Church, Ministry and the Banyan Trees
The Shape of the Church. Asian Christian thinking is not totally sold out to the hierarchical mould of the church of which it is more of building structure rather than a tree. The weakness of an over-organized church in Asia is revealed especially that of the Roman Catholics where exclusivism, busyness, institutionalism, and compartmentalism are flagrant. Asians are more interested in synthesis or general conclusion. They want the church as a living organism rather than as an institution (127-27).
Layman’s Viewpoint. This section emphasized the diversity of ministries in Asian context. One particular group cited is the Society of Priscilla and Aquilla (SAP). This professional couples-tentmakers (laypeople) are compared to fluids that run through plants as they influence their community with their life and work. Theirs was a ministry that avoids the concept of paid-expositors, luxurious missionaries, and pre-planned witness. The presence of obedience to promote Christ, simplicity, spontaneity and diversity is an effective means of evangelism in Asia. Dr Tekenaka suggested four types of diverse ministry: (1) ordinary life and work ministry of laity, (2) theologically-trained minister to equip lay workers, (3) specialized mobile ministry, and (4) voluntary non-professional ministers (138-45).
Worship and the Sprouting of the Tree Stumps
Eastern Worship and Modern Man. Asian Christians press toward an open prayer-centered growth in worship. Prayer, as an exercise of freedom in speech and intimacy, is an experience of God’s fatherhood, grace and forgiveness of Christ, and fullness of the Spirit that provides genuine qualities for human existence. Hunger for mysteries that seeks undeniability of transcendence and the world is important to modern Asian spirituality. Intellectualizing spirituality threatens Asian’s natural inclinations to non-rational and mystical realities. The scope of Asian worship includes a quest for profound synthesis of theological depth and devotion. Silence is also a main concern in Asian spirituality (149-56).
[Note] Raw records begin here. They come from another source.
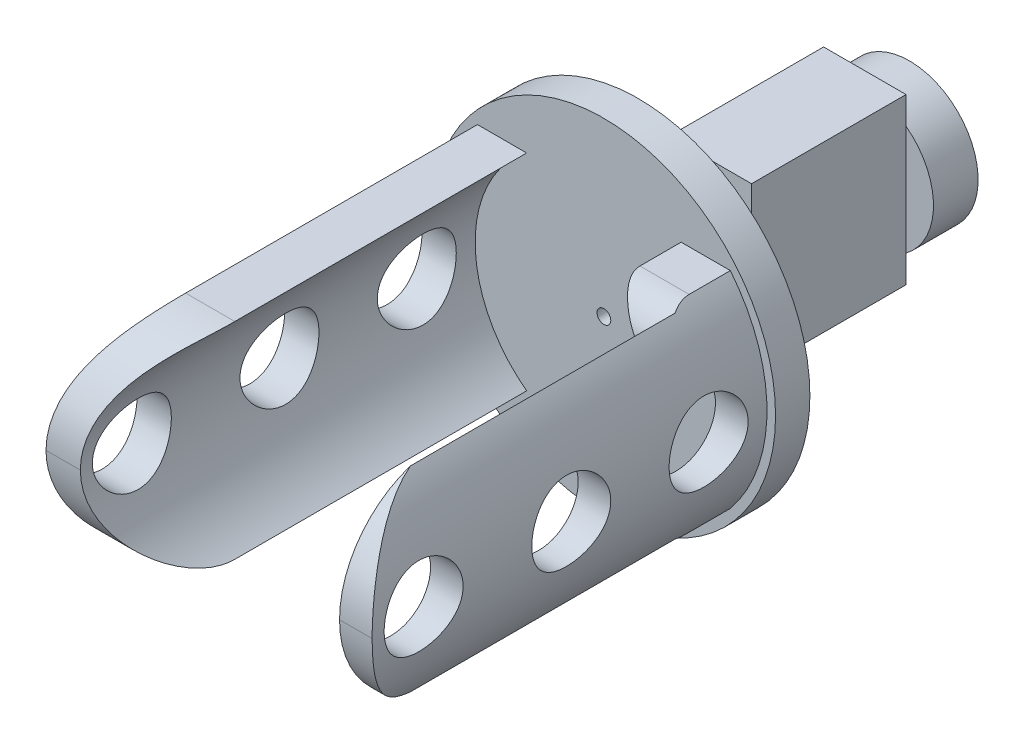
from build123d import *

# Parameters (mm, degrees)
ESQUISSE1_R                  = 50
BOSS_EXTRU_1_DEPTH           = 10
ESQUISSE2_R                  = 47.5
ENL_V_MAT_EXTRU_1_DEPTH      = 5
BOSS_EXTRU_4_DEPTH           = 115
ESQUISSE7_R                  = 2
ENL_V_MAT_EXTRU_2_DEPTH      = 100
ESQUISSE12_W                 = 3.643670962
ESQUISSE12_H                 = 10.037282272
BOSS_EXTRU_7_DEPTH           = 116
ENL_V_MAT_EXTRU_3_DEPTH      = 145.485293369
ENL_V_MAT_EXTRU_3_DEPTH_BACK = 145.485293369
ESQUISSE14_R                 = 11.5
ESQUISSE15_W                 = 3.643670962
ESQUISSE15_H                 = 10.037282272
ENL_V_MAT_EXTRU_4_DEPTH      = 116
BOSS_EXTRU_8_START           = 16
ESQUISSE16_R                 = 20
ESQUISSE16_R_2               = 2
BOSS_EXTRU_8_DEPTH           = 16
ENL_V_MAT_EXTRU_7_DEPTH      = 16
CONG_3_START                 = -49
CONG_3_DEPTH                 = 97
ESQUISSE18_W                 = 2
ESQUISSE18_H                 = 2
ENL_V_MAT_EXTRU_8_DEPTH      = 150
ENL_V_START                  = 20
ESQUISSE21_W                 = 63
ESQUISSE21_H                 = 13
ENL_V_MAT_EXTRU_9_DEPTH      = 20
CONG_4_R                     = 10
ESQUISSE22_R                 = 15
BOSS_EXTRU_9_DEPTH           = 10
ESQUISSE23_W                 = 24
ESQUISSE23_H                 = 48
BOSS_EXTRU_10_DEPTH          = 45
ESQUISSE24_R                 = 20
BOSS_EXTRU_11_DEPTH          = 5
ESQUISSE25_R                 = 20
ESQUISSE25_R_2               = 11.5
BOSS_EXTRU_12_DEPTH          = 8


with BuildPart() as part:
    # Esquisse1 → Boss.-Extru.1 (new body)
    with BuildSketch(Plane.XY):
        Circle(ESQUISSE1_R)
    extrude(amount=BOSS_EXTRU_1_DEPTH)

    # Esquisse2 → Enlèv. mat.-Extru.1 (cut)
    with BuildSketch(Plane(origin=(0, 0, 0), x_dir=(-1, 0, 0), z_dir=(0, 0, -1))):
        Circle(ESQUISSE2_R)
    extrude(amount=-ENL_V_MAT_EXTRU_1_DEPTH, mode=Mode.SUBTRACT)

    # Esquisse6 → Boss.-Extru.4 (add)
    with BuildSketch(Plane.XY.offset(10)):
        with BuildLine():
            ThreePointArc((-22.5, -30), (-37.5, 0), (-22.5, 30))
            Line((-22.5, 30), (-36.827299657, 30))
            ThreePointArc((-36.827299657, 30), (-47.5, 0), (-36.827299657, -30))
            Line((-36.827299657, -30), (-22.5, -30))
        make_face()
        with BuildLine():
            Line((36.827299657, 30), (22.5, 30))
            ThreePointArc((22.5, 30), (33.541019662, 16.770509831), (37.5, 0))
            ThreePointArc((37.5, 0), (33.541019662, -16.770509831), (22.5, -30))
            Line((22.5, -30), (36.827299657, -30))
            ThreePointArc((36.827299657, -30), (44.752355992, -15.920949505), (47.5, 0))
            ThreePointArc((47.5, 0), (44.752355992, 15.920949505), (36.827299657, 30))
        make_face()
    extrude(amount=BOSS_EXTRU_4_DEPTH)

    # Esquisse7 → Enlèv. mat.-Extru.2 (cut)
    with BuildSketch(Plane(origin=(0, 0, 5), x_dir=(-1, 0, 0), z_dir=(0, 0, -1))):
        Circle(ESQUISSE7_R)
    extrude(amount=-ENL_V_MAT_EXTRU_2_DEPTH, mode=Mode.SUBTRACT)

    # Esquisse12 → Boss.-Extru.7 (add)
    with BuildSketch(Plane.XY.offset(10)):
        with Locations((-1.821835481, 20.143313052)):
            Rectangle(ESQUISSE12_W, ESQUISSE12_H)
    extrude(amount=BOSS_EXTRU_7_DEPTH)

    # Esquisse14 → Enlèv. mat.-Extru.3 (cut, two sides: drawn at the far end of the back side and taken through both)
    with BuildSketch(Plane(origin=(0, 0, 0), x_dir=(0, 0, -1), z_dir=(1, 0, 0)).offset(-ENL_V_MAT_EXTRU_3_DEPTH_BACK)):
        with Locations((-110, 0)):
            Circle(ESQUISSE14_R)
        with Locations((-67, 0)):
            Circle(ESQUISSE14_R)
        with Locations((-27, 0)):
            Circle(ESQUISSE14_R)
    extrude(amount=ENL_V_MAT_EXTRU_3_DEPTH + ENL_V_MAT_EXTRU_3_DEPTH_BACK, mode=Mode.SUBTRACT)

    # Esquisse15 → Enlèv. mat.-Extru.4 (cut)
    with BuildSketch(Plane.XY.offset(126)):
        with Locations((-1.821835481, 20.143313052)):
            Rectangle(ESQUISSE15_W, ESQUISSE15_H)
    extrude(amount=-ENL_V_MAT_EXTRU_4_DEPTH, mode=Mode.SUBTRACT)

    # Esquisse16 → Boss.-Extru.8 (add)
    with BuildSketch(Plane(origin=(0, 0, 5), x_dir=(-1, 0, 0), z_dir=(0, 0, -1)).offset(BOSS_EXTRU_8_START)):
        Circle(ESQUISSE16_R)
        Circle(ESQUISSE16_R_2, mode=Mode.SUBTRACT)
    extrude(amount=-BOSS_EXTRU_8_DEPTH)

    # Esquisse17 → Enlèv. mat.-Extru.7 (cut)
    with BuildSketch(Plane(origin=(0, 0, -11), x_dir=(-1, 0, 0), z_dir=(0, 0, -1))):
        with BuildLine():
            Line((-15.930439153, -1.577135301), (-20, 0))
            ThreePointArc((-20, 0), (-19.903458044, -1.962742436), (-19.614764213, -3.906536174))
            Line((-19.614764213, -3.906536174), (-15.930439153, -1.577135301))
        make_face()
        with BuildLine():
            Line((-15.324501649, -4.655091779), (-19.614764213, -3.906536174))
            ThreePointArc((-19.614764213, -3.906536174), (-19.137506327, -5.809978621), (-18.476008403, -7.657487414))
            Line((-18.476008403, -7.657487414), (-15.324501649, -4.655091779))
        make_face()
        with BuildLine():
            Line((-14.124586248, -7.550251226), (-18.476008403, -7.657487414))
            ThreePointArc((-18.476008403, -7.657487414), (-17.636638794, -9.431276268), (-16.627478254, -11.114268617))
            Line((-16.627478254, -11.114268617), (-14.124586248, -7.550251226))
        make_face()
        with BuildLine():
            Line((-12.372592986, -10.15377227), (-16.627478254, -11.114268617))
            ThreePointArc((-16.627478254, -11.114268617), (-15.458242145, -12.690262006), (-14.140186901, -14.144084078))
            Line((-14.140186901, -14.144084078), (-12.372592986, -10.15377227))
        make_face()
        with BuildLine():
            Line((-10.150362344, -12.375390612), (-14.140186901, -14.144084078))
            ThreePointArc((-14.140186901, -14.144084078), (-12.686001666, -15.461738639), (-11.109686128, -16.630540404))
            Line((-11.109686128, -16.630540404), (-10.150362344, -12.375390612))
        make_face()
        with BuildLine():
            Line((-7.546358599, -14.12666635), (-11.109686128, -16.630540404))
            ThreePointArc((-11.109686128, -16.630540404), (-9.426415747, -17.63923712), (-7.652395653, -18.478117891))
            Line((-7.652395653, -18.478117891), (-7.546358599, -14.12666635))
        make_face()
        with BuildLine():
            Line((-4.650868598, -15.32578388), (-7.652395653, -18.478117891))
            ThreePointArc((-7.652395653, -18.478117891), (-5.80470464, -19.139106668), (-3.901130746, -19.61584))
            Line((-3.901130746, -19.61584), (-4.650868598, -15.32578388))
        make_face()
        with BuildLine():
            Line((-1.571137891, -15.928329298), (-3.901130746, -19.61584))
            ThreePointArc((-3.901130746, -19.61584), (-1.96, -19.903728294), (0, -20))
            Line((0, -20), (-1.571137891, -15.928329298))
        make_face()
        with BuildLine():
            ThreePointArc((0, -20), (1.96, -19.903728294), (3.901130746, -19.61584))
            Line((3.901130746, -19.61584), (1.571137891, -15.928329298))
            Line((1.571137891, -15.928329298), (0, -20))
        make_face()
        with BuildLine():
            ThreePointArc((3.901130746, -19.61584), (5.80470464, -19.139106668), (7.652395653, -18.478117891))
            Line((7.652395653, -18.478117891), (4.650868598, -15.32578388))
            Line((4.650868598, -15.32578388), (3.901130746, -19.61584))
        make_face()
        with BuildLine():
            ThreePointArc((7.652395653, -18.478117891), (9.426415747, -17.63923712), (11.109686128, -16.630540404))
            Line((11.109686128, -16.630540404), (7.546358599, -14.12666635))
            Line((7.546358599, -14.12666635), (7.652395653, -18.478117891))
        make_face()
        with BuildLine():
            ThreePointArc((11.109686128, -16.630540404), (12.686001666, -15.461738639), (14.140186901, -14.144084078))
            Line((14.140186901, -14.144084078), (10.150362344, -12.375390612))
            Line((10.150362344, -12.375390612), (11.109686128, -16.630540404))
        make_face()
        with BuildLine():
            ThreePointArc((14.140186901, -14.144084078), (15.458242145, -12.690262006), (16.627478254, -11.114268617))
            Line((16.627478254, -11.114268617), (12.372592986, -10.15377227))
            Line((12.372592986, -10.15377227), (14.140186901, -14.144084078))
        make_face()
        with BuildLine():
            ThreePointArc((16.627478254, -11.114268617), (17.636638794, -9.431276268), (18.476008403, -7.657487414))
            Line((18.476008403, -7.657487414), (14.124586248, -7.550251226))
            Line((14.124586248, -7.550251226), (16.627478254, -11.114268617))
        make_face()
        with BuildLine():
            ThreePointArc((18.476008403, -7.657487414), (19.137506327, -5.809978621), (19.614764213, -3.906536174))
            Line((19.614764213, -3.906536174), (15.324501649, -4.655091779))
            Line((15.324501649, -4.655091779), (18.476008403, -7.657487414))
        make_face()
        with BuildLine():
            ThreePointArc((19.614764213, -3.906536174), (19.903458044, -1.962742436), (20, 0))
            Line((20, 0), (15.930439153, -1.577135301))
            Line((15.930439153, -1.577135301), (19.614764213, -3.906536174))
        make_face()
        with BuildLine():
            ThreePointArc((20, 0), (19.903458044, 1.962742436), (19.614764213, 3.906536174))
            Line((19.614764213, 3.906536174), (15.930439153, 1.577135301))
            Line((15.930439153, 1.577135301), (20, 0))
        make_face()
        with BuildLine():
            ThreePointArc((19.614764213, 3.906536174), (19.137506327, 5.809978621), (18.476008403, 7.657487414))
            Line((18.476008403, 7.657487414), (15.324501649, 4.655091779))
            Line((15.324501649, 4.655091779), (19.614764213, 3.906536174))
        make_face()
        with BuildLine():
            ThreePointArc((18.476008403, 7.657487414), (17.636638794, 9.431276268), (16.627478254, 11.114268617))
            Line((16.627478254, 11.114268617), (14.124586248, 7.550251226))
            Line((14.124586248, 7.550251226), (18.476008403, 7.657487414))
        make_face()
        with BuildLine():
            ThreePointArc((16.627478254, 11.114268617), (15.458242145, 12.690262006), (14.140186901, 14.144084078))
            Line((14.140186901, 14.144084078), (12.372592986, 10.15377227))
            Line((12.372592986, 10.15377227), (16.627478254, 11.114268617))
        make_face()
        with BuildLine():
            ThreePointArc((14.140186901, 14.144084078), (12.686001666, 15.461738639), (11.109686128, 16.630540404))
            Line((11.109686128, 16.630540404), (10.150362344, 12.375390612))
            Line((10.150362344, 12.375390612), (14.140186901, 14.144084078))
        make_face()
        with BuildLine():
            ThreePointArc((11.109686128, 16.630540404), (9.426415747, 17.63923712), (7.652395653, 18.478117891))
            Line((7.652395653, 18.478117891), (7.546358599, 14.12666635))
            Line((7.546358599, 14.12666635), (11.109686128, 16.630540404))
        make_face()
        with BuildLine():
            ThreePointArc((7.652395653, 18.478117891), (5.80470464, 19.139106668), (3.901130746, 19.61584))
            Line((3.901130746, 19.61584), (4.650868598, 15.32578388))
            Line((4.650868598, 15.32578388), (7.652395653, 18.478117891))
        make_face()
        with BuildLine():
            ThreePointArc((3.901130746, 19.61584), (1.96, 19.903728294), (0, 20))
            Line((0, 20), (1.571137891, 15.928329298))
            Line((1.571137891, 15.928329298), (3.901130746, 19.61584))
        make_face()
        with BuildLine():
            Line((-1.571137891, 15.928329298), (0, 20))
            ThreePointArc((0, 20), (-1.96, 19.903728294), (-3.901130746, 19.61584))
            Line((-3.901130746, 19.61584), (-1.571137891, 15.928329298))
        make_face()
        with BuildLine():
            Line((-4.650868598, 15.32578388), (-3.901130746, 19.61584))
            ThreePointArc((-3.901130746, 19.61584), (-5.80470464, 19.139106668), (-7.652395653, 18.478117891))
            Line((-7.652395653, 18.478117891), (-4.650868598, 15.32578388))
        make_face()
        with BuildLine():
            Line((-7.546358599, 14.12666635), (-7.652395653, 18.478117891))
            ThreePointArc((-7.652395653, 18.478117891), (-9.426415747, 17.63923712), (-11.109686128, 16.630540404))
            Line((-11.109686128, 16.630540404), (-7.546358599, 14.12666635))
        make_face()
        with BuildLine():
            Line((-10.150362344, 12.375390612), (-11.109686128, 16.630540404))
            ThreePointArc((-11.109686128, 16.630540404), (-12.686001666, 15.461738639), (-14.140186901, 14.144084078))
            Line((-14.140186901, 14.144084078), (-10.150362344, 12.375390612))
        make_face()
        with BuildLine():
            Line((-12.372592986, 10.15377227), (-14.140186901, 14.144084078))
            ThreePointArc((-14.140186901, 14.144084078), (-15.458242145, 12.690262006), (-16.627478254, 11.114268617))
            Line((-16.627478254, 11.114268617), (-12.372592986, 10.15377227))
        make_face()
        with BuildLine():
            Line((-14.124586248, 7.550251226), (-16.627478254, 11.114268617))
            ThreePointArc((-16.627478254, 11.114268617), (-17.636638794, 9.431276268), (-18.476008403, 7.657487414))
            Line((-18.476008403, 7.657487414), (-14.124586248, 7.550251226))
        make_face()
        with BuildLine():
            Line((-15.324501649, 4.655091779), (-18.476008403, 7.657487414))
            ThreePointArc((-18.476008403, 7.657487414), (-19.137506327, 5.809978621), (-19.614764213, 3.906536174))
            Line((-19.614764213, 3.906536174), (-15.324501649, 4.655091779))
        make_face()
        with BuildLine():
            Line((-15.930439153, 1.577135301), (-19.614764213, 3.906536174))
            ThreePointArc((-19.614764213, 3.906536174), (-19.903458044, 1.962742436), (-20, 0))
            Line((-20, 0), (-15.930439153, 1.577135301))
        make_face()
    extrude(amount=-ENL_V_MAT_EXTRU_7_DEPTH, mode=Mode.SUBTRACT)

    # Congé3: read off the stored shape, not the designer's step
    # Congé3 outline → Congé3 (cut)
    with BuildSketch(Plane.YZ.offset(CONG_3_START)):
        with BuildLine():
            ThreePointArc((-30, 95), (-21.213203436, 116.213203436), (0, 125))
            Line((0, 125), (-30, 125))
            Line((-30, 125), (-30, 95))
        make_face()
        with BuildLine():
            ThreePointArc((0, 125), (21.213203436, 116.213203436), (30, 95))
            Line((30, 95), (30, 125))
            Line((30, 125), (0, 125))
        make_face()
    extrude(amount=CONG_3_DEPTH, mode=Mode.SUBTRACT)

    # Esquisse18 → Enlèv. mat.-Extru.8 (cut)
    with BuildSketch(Plane.XY.offset(10)):
        with BuildLine():
            Line((37, 15), (37, 6.103277808))
            ThreePointArc((37, 6.103277808), (37.5, 0), (37, -6.103277808))
            Line((37, -6.103277808), (37, -15))
            Line((37, -15), (37, -17))
            Line((37, -17), (38, -17))
            Line((38, -17), (38, 17))
            Line((38, 17), (37, 17))
            Line((37, 17), (37, 15))
        make_face()
        with BuildLine():
            Line((35, 13.462912018), (35, 0))
            Line((35, 0), (37, 0))
            Line((37, 0), (37, 6.103277808))
            ThreePointArc((37, 6.103277808), (36.187581488, 9.834070677), (35, 13.462912018))
        make_face()
        with BuildLine():
            Line((35, 15), (35, 13.462912018))
            ThreePointArc((35, 13.462912018), (36.187581488, 9.834070677), (37, 6.103277808))
            Line((37, 6.103277808), (37, 15))
            Line((37, 15), (35, 15))
        make_face()
        with Locations((36, 16)):
            Rectangle(ESQUISSE18_W, ESQUISSE18_H)
        with BuildLine():
            Line((37, 0), (35, 0))
            Line((35, 0), (35, -13.462912018))
            ThreePointArc((35, -13.462912018), (36.187581488, -9.834070677), (37, -6.103277808))
            Line((37, -6.103277808), (37, 0))
        make_face()
        with BuildLine():
            ThreePointArc((37, -6.103277808), (36.187581488, -9.834070677), (35, -13.462912018))
            Line((35, -13.462912018), (35, -15))
            Line((35, -15), (37, -15))
            Line((37, -15), (37, -6.103277808))
        make_face()
        with Locations((36, -16)):
            Rectangle(ESQUISSE18_W, ESQUISSE18_H)
        with BuildLine():
            ThreePointArc((33.425289827, 17), (34.258324825, 15.251792688), (35, 13.462912018))
            Line((35, 13.462912018), (35, 15))
            Line((35, 15), (35, 17))
            Line((35, 17), (33.425289827, 17))
        make_face()
        with BuildLine():
            Line((35, -15), (35, -13.462912018))
            ThreePointArc((35, -13.462912018), (34.258324825, -15.251792688), (33.425289827, -17))
            Line((33.425289827, -17), (35, -17))
            Line((35, -17), (35, -15))
        make_face()
    extrude(amount=ENL_V_MAT_EXTRU_8_DEPTH, mode=Mode.SUBTRACT)

    # Esquisse21 → Enlèv. mat.-Extru.9 (cut)
    with BuildSketch(Plane.ZY.offset(-38).offset(ENL_V_START)):
        with BuildLine():
            Line((125, 30), (32, 30))
            Line((32, 30), (32, 17))
            Line((32, 17), (119.718414189, 17))
            ThreePointArc((119.718414189, 17), (123.649192185, 8.900774526), (125, 0))
            Line((125, 0), (125, 30))
        make_face()
        with BuildLine():
            Line((119.718414189, 17), (32, 17))
            Line((32, 17), (32, 10.356157589))
            ThreePointArc((32, 10.356157589), (36.740379869, 6.11350963), (38.5, 0))
            Line((38.5, 0), (55.5, 0))
            ThreePointArc((55.5, 0), (67, 11.5), (78.5, 0))
            Line((78.5, 0), (95, 0))
            Line((95, 0), (98.5, 0))
            ThreePointArc((98.5, 0), (110, 11.5), (121.5, 0))
            Line((121.5, 0), (125, 0))
            ThreePointArc((125, 0), (123.649192185, 8.900774526), (119.718414189, 17))
        make_face()
        with BuildLine():
            Line((55.5, 0), (38.5, 0))
            ThreePointArc((38.5, 0), (36.740379869, -6.11350963), (32, -10.356157589))
            Line((32, -10.356157589), (32, -17))
            Line((32, -17), (95, -17))
            Line((95, -17), (95, 0))
            Line((95, 0), (78.5, 0))
            ThreePointArc((78.5, 0), (67, -11.5), (55.5, 0))
        make_face()
        with BuildLine():
            ThreePointArc((119.718414189, -17), (123.649192185, -8.900774526), (125, 0))
            Line((125, 0), (121.5, 0))
            ThreePointArc((121.5, 0), (110, -11.5), (98.5, 0))
            Line((98.5, 0), (95, 0))
            Line((95, 0), (95, -17))
            Line((95, -17), (119.718414189, -17))
        make_face()
        with Locations((63.5, -23.5)):
            Rectangle(ESQUISSE21_W, ESQUISSE21_H)
        with BuildLine():
            Line((125, -30), (125, 0))
            ThreePointArc((125, 0), (123.649192185, -8.900774526), (119.718414189, -17))
            Line((119.718414189, -17), (95, -17))
            Line((95, -17), (95, -30))
            Line((95, -30), (125, -30))
        make_face()
    extrude(amount=-ENL_V_MAT_EXTRU_9_DEPTH, mode=Mode.SUBTRACT)

    # Congé4
    # the kernel refuses this fillet: 10 mm, written as the material it takes off along each edge
    with BuildSketch(Plane(origin=(-2.5, -30, 32), x_dir=(0, 1, 0), z_dir=(1, 0, 0))) as cong_4_piece_1_section:
        with BuildLine():
            CenterArc((CONG_4_R, -CONG_4_R), CONG_4_R, 90, 90)
            Line((0, -CONG_4_R), (0, 0))
            Line((0, 0), (CONG_4_R, 0))
        make_face()
    cong_4_piece_1 = extrude(amount=64.327299657, mode=Mode.PRIVATE)
    cong_4_piece_1 = split(cong_4_piece_1, bisect_by=Plane(origin=(38, -30, 32), z_dir=(-1, 0, 0)), keep=Keep.TOP, mode=Mode.PRIVATE)
    add(cong_4_piece_1, mode=Mode.SUBTRACT)
    with BuildSketch(Plane(origin=(-2.5, 30, 32), x_dir=(0, -1, 0), z_dir=(1, 0, 0))) as cong_4_piece_2_section:
        with BuildLine():
            CenterArc((CONG_4_R, CONG_4_R), CONG_4_R, 180, 90)
            Line((0, CONG_4_R), (0, 0))
            Line((0, 0), (CONG_4_R, 0))
        make_face()
    cong_4_piece_2 = extrude(amount=64.327299657, mode=Mode.PRIVATE)
    cong_4_piece_2 = split(cong_4_piece_2, bisect_by=Plane(origin=(38, 30, 32), z_dir=(-1, 0, 0)), keep=Keep.TOP, mode=Mode.PRIVATE)
    add(cong_4_piece_2, mode=Mode.SUBTRACT)

    # Esquisse22 → Boss.-Extru.9 (add)
    with BuildSketch(Plane(origin=(0, 0, -11), x_dir=(-1, 0, 0), z_dir=(0, 0, -1))):
        Circle(ESQUISSE22_R)
    extrude(amount=BOSS_EXTRU_9_DEPTH)

    # Esquisse23 → Boss.-Extru.10 (add)
    with BuildSketch(Plane(origin=(0, 0, -21), x_dir=(-1, 0, 0), z_dir=(0, 0, -1))):
        Rectangle(ESQUISSE23_W, ESQUISSE23_H)
    extrude(amount=BOSS_EXTRU_10_DEPTH)

    # Esquisse24 → Boss.-Extru.11 (add)
    with BuildSketch(Plane(origin=(0, 0, -66), x_dir=(-1, 0, 0), z_dir=(0, 0, -1))):
        with Locations(Location((0, 0, 0), (0, 0, 126.869897646))):
            Circle(ESQUISSE24_R)
    extrude(amount=BOSS_EXTRU_11_DEPTH)

    # Esquisse25 → Boss.-Extru.12 (add)
    with BuildSketch(Plane(origin=(0, 0, -71), x_dir=(-1, 0, 0), z_dir=(0, 0, -1))):
        with Locations(Location((0, 0, 0), (0, 0, 126.869897646))):
            Circle(ESQUISSE25_R)
        Circle(ESQUISSE25_R_2, mode=Mode.SUBTRACT)
    extrude(amount=BOSS_EXTRU_12_DEPTH)


solid = part.part

Being and Doing. Asian Christian’s deepest meaning of synthesis and wholeness is perceived to lie in that focal point of intersection between being and doing in “the Cross of Jesus, the Tree of life.” (158) The Christian task therefore is to find Christ in every culture and the people’s quest for being. The challenge is that Jesus Christ, the Logos, must be made manifest in the philosophy and religion of the Asians. Thus, dialogue with Asian culture is of utmost necessity.
The Centrality of the Cross. Ultimately, tree-symbolism finds theological significance in the Crucified Lord. The link between tree-symbolism and the cross is crucial to Asian theologians. The profoundness of mysticism in the light of the cross shows the junction where sinful humanity meets God. The sufficiency of Christ, where all things hold together, projects the Cross as that “something unitary” for the centrality of Christ is historically and mystically reconciled.
Response
A must reading for all aspiring Asian theologians! To dialogue with the thinking pattern of Asians is an important enterprise so as not to build theology on swampy ground that will drown one’s theology in oblivion. Hargreaves deals with the importance of making the message of the Gospel really understandable to Asian people and construct theology that meets the need of the community.